[The problem]: Each entry is to be retyped exactly as it appears. Leave the images out.
---------- Material for this exercise
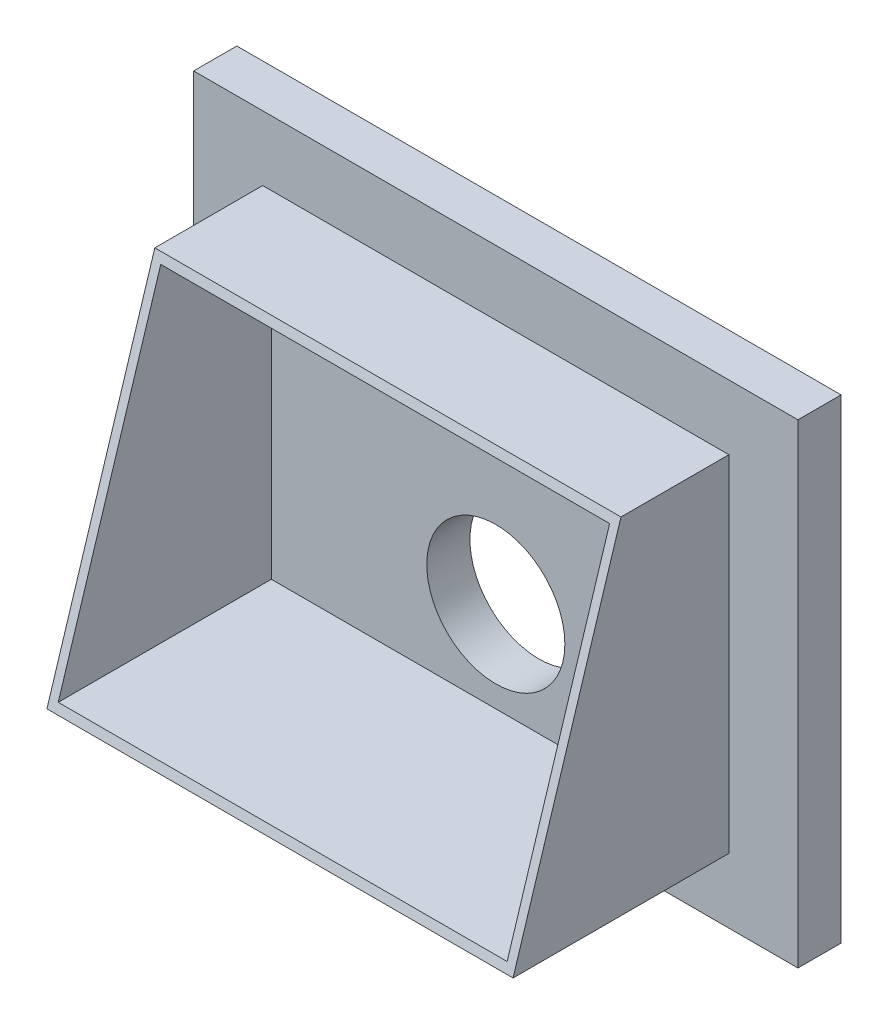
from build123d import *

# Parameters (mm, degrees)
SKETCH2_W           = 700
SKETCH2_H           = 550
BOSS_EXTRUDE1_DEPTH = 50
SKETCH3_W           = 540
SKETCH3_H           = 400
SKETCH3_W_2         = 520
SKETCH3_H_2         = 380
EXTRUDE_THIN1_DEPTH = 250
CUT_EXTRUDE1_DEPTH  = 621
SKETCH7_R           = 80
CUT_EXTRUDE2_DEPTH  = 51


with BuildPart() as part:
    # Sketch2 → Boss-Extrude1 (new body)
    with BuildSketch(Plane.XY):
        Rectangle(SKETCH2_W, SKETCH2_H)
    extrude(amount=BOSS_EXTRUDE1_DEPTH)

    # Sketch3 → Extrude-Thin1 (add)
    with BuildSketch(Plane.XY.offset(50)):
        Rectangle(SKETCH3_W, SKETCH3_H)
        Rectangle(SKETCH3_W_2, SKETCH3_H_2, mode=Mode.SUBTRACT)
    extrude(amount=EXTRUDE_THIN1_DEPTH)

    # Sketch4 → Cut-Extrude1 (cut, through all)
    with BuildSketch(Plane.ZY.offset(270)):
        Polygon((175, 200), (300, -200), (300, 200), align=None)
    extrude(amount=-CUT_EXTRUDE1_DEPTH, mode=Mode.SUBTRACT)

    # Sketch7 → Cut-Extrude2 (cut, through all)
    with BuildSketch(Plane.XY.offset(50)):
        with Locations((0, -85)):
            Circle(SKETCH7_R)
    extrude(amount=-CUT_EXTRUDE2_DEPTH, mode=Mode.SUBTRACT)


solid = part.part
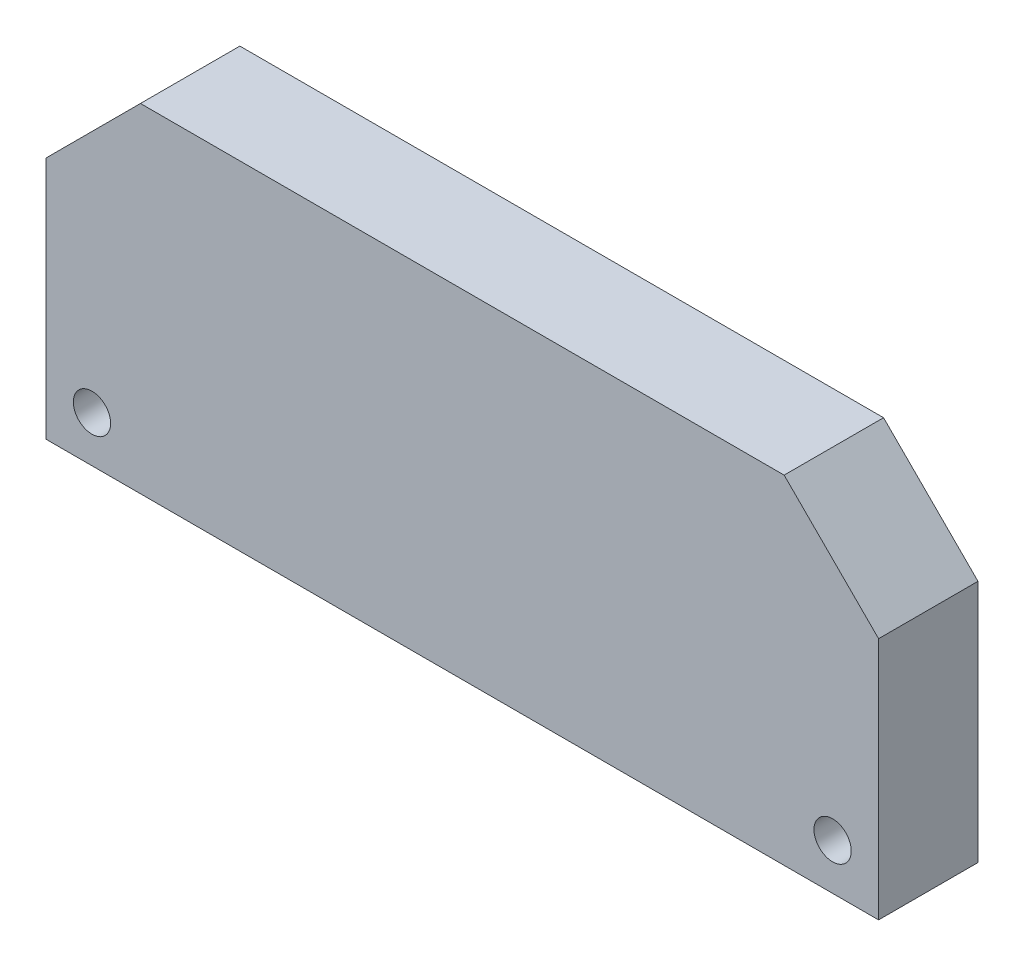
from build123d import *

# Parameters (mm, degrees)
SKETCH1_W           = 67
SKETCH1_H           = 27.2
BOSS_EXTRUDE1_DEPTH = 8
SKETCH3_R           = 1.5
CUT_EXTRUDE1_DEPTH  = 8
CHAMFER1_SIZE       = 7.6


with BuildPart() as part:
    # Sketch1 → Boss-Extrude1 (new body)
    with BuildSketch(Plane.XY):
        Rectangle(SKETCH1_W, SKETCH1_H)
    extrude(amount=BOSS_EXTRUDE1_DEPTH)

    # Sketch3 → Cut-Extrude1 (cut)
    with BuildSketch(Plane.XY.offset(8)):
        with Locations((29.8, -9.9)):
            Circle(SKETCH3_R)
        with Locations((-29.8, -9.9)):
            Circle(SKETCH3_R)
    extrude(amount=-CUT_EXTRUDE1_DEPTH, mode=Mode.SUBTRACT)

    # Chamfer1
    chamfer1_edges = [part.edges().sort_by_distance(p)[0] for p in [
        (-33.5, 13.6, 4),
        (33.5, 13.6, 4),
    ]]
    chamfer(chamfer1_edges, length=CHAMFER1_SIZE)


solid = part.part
--------------------
[Exercise response]:
from build123d import *

# Parameters (mm, degrees)
SKETCH2_W           = 700
SKETCH2_H           = 550
BOSS_EXTRUDE1_DEPTH = 50
SKETCH3_W           = 540
SKETCH3_H           = 400
SKETCH3_W_2         = 520
SKETCH3_H_2         = 380
EXTRUDE_THIN1_DEPTH = 250
CUT_EXTRUDE1_DEPTH  = 621
SKETCH7_R           = 80
CUT_EXTRUDE2_DEPTH  = 51


with BuildPart() as part:
    # Sketch2 → Boss-Extrude1 (new body)
    with BuildSketch(Plane.XY):
        Rectangle(SKETCH2_W, SKETCH2_H)
    extrude(amount=BOSS_EXTRUDE1_DEPTH)

    # Sketch3 → Extrude-Thin1 (add)
    with BuildSketch(Plane.XY.offset(50)):
        Rectangle(SKETCH3_W, SKETCH3_H)
        Rectangle(SKETCH3_W_2, SKETCH3_H_2, mode=Mode.SUBTRACT)
    extrude(amount=EXTRUDE_THIN1_DEPTH)

    # Sketch4 → Cut-Extrude1 (cut, through all)
    with BuildSketch(Plane.ZY.offset(270)):
        Polygon((175, 200), (300, -200), (300, 200), align=None)
    extrude(amount=-CUT_EXTRUDE1_DEPTH, mode=Mode.SUBTRACT)

    # Sketch7 → Cut-Extrude2 (cut, through all)
    with BuildSketch(Plane.XY.offset(50)):
        with Locations((0, -85)):
            Circle(SKETCH7_R)
    extrude(amount=-CUT_EXTRUDE2_DEPTH, mode=Mode.SUBTRACT)


solid = part.part
from build123d import *

# Parameters (mm, degrees)
SKETCH1_W           = 67
SKETCH1_H           = 27.2
BOSS_EXTRUDE1_DEPTH = 8
SKETCH3_R           = 1.5
CUT_EXTRUDE1_DEPTH  = 8
CHAMFER1_SIZE       = 7.6


with BuildPart() as part:
    # Sketch1 → Boss-Extrude1 (new body)
    with BuildSketch(Plane.XY):
        Rectangle(SKETCH1_W, SKETCH1_H)
    extrude(amount=BOSS_EXTRUDE1_DEPTH)

    # Sketch3 → Cut-Extrude1 (cut)
    with BuildSketch(Plane.XY.offset(8)):
        with Locations((29.8, -9.9)):
            Circle(SKETCH3_R)
        with Locations((-29.8, -9.9)):
            Circle(SKETCH3_R)
    extrude(amount=-CUT_EXTRUDE1_DEPTH, mode=Mode.SUBTRACT)

    # Chamfer1
    chamfer1_edges = [part.edges().sort_by_distance(p)[0] for p in [
        (-33.5, 13.6, 4),
        (33.5, 13.6, 4),
    ]]
    chamfer(chamfer1_edges, length=CHAMFER1_SIZE)


solid = part.part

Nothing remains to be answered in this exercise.